Cuando los anatomistas pagan al contado
Mientras algunos temblaban ante la idea de despertar bajo tierra, otros veían en los recién difuntos una oportunidad de negocio que olía a formol y libras esterlinas. Las escuelas de anatomía necesitaban cuerpos frescos —ojo, frescos, no en avanzado estado de compostaje— para que los estudiantes pudieran practicar con bisturís, pinzas y un entusiasmo casi gastronómico por las entrañas humanas.

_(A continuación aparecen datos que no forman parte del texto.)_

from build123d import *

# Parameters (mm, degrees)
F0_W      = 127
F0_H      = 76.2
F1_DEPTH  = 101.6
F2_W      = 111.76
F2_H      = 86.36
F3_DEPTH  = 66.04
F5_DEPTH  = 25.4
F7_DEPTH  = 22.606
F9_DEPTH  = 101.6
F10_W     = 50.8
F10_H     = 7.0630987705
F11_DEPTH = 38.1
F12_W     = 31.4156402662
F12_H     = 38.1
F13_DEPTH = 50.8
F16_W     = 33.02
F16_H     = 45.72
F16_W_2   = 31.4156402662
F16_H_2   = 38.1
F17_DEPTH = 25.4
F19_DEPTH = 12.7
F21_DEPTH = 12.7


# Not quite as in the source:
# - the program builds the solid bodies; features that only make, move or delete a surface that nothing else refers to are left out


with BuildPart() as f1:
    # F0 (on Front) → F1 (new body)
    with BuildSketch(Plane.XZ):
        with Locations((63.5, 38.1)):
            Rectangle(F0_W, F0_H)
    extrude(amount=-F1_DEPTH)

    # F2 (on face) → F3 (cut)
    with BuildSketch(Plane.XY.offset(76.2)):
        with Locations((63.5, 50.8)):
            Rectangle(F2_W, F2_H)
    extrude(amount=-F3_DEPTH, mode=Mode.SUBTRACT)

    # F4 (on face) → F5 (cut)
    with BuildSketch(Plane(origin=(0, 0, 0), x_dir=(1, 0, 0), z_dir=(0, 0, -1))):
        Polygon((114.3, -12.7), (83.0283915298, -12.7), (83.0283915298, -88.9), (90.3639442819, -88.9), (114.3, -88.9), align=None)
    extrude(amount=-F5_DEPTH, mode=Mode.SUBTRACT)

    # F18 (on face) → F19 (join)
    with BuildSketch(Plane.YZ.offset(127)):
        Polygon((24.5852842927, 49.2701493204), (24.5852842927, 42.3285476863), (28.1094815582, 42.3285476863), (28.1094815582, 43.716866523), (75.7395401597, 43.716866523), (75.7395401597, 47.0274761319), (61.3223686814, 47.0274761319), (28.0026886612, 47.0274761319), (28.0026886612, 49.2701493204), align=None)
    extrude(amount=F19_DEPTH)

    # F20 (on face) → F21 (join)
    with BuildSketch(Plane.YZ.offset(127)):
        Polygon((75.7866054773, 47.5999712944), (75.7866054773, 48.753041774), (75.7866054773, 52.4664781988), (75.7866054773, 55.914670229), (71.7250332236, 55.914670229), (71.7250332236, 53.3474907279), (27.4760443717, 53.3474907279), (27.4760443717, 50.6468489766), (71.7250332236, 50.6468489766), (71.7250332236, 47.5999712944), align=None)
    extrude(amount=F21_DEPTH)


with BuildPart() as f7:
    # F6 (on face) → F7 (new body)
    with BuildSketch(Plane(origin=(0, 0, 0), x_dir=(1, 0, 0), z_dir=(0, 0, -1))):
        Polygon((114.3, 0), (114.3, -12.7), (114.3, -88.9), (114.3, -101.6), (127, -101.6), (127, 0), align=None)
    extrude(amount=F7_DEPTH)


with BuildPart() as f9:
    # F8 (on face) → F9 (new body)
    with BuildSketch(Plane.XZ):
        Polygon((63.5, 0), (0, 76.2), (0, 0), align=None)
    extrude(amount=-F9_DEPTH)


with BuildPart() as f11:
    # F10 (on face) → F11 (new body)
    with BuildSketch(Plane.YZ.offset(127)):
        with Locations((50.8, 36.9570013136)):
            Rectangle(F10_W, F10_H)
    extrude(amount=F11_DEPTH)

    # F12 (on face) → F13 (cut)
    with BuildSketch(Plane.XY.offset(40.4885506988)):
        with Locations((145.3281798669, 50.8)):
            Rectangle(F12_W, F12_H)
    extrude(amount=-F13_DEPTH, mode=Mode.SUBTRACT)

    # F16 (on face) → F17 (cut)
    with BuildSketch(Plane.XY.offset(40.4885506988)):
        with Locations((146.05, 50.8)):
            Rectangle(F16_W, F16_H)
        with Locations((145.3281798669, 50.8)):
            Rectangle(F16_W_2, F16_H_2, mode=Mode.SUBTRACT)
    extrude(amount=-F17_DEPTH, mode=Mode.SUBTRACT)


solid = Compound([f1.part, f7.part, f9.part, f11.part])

Y ya se sabe: donde hay demanda, aparece la oferta. En el Edimburgo de 1828, dos visionarios del crimen, William Burke y William Hare, decidieron optimizar el proceso: en lugar de esperar a que alguien muriese, se encargaban personalmente de acelerar el trámite. Luego vendían los cuerpos al doctor Robert Knox, un anatomista con escasa curiosidad moral y una cartera generosa. En total, dieciséis “envíos” perfectamente embalados. Un delivery macabro, pero eficiente.
En medio de este ecosistema de terror gótico y ambición científica surge nuestro protagonista: John Macintire, el hombre que casi logra lo imposible —sobrevivir a su propia autopsia— y tener la decencia de contarlo después.
John Macintire: el muerto que se cansó de estar muerto
La historia de John Macintire tiene tanto dramatismo que uno juraría que Dickens la escribió con resaca y un exceso de café. En abril de 1824, en pleno auge del lucrativo “mercado de cuerpos”, el pobre John cayó víctima de una fiebre pertinaz que lo dejó en un estado que hoy llamaríamos catatonia o trance profundo. Pero claro, en la medicina del XIX eso se traducía con la precisión de un refrán: “más tieso que un bacalao en salazón”.
Y así, con la indiferencia burocrática de la época —una mirada compasiva del médico, un par de oraciones y listo—, Macintire fue declarado difunto, amortajado y despachado al club de los que ya no protestan.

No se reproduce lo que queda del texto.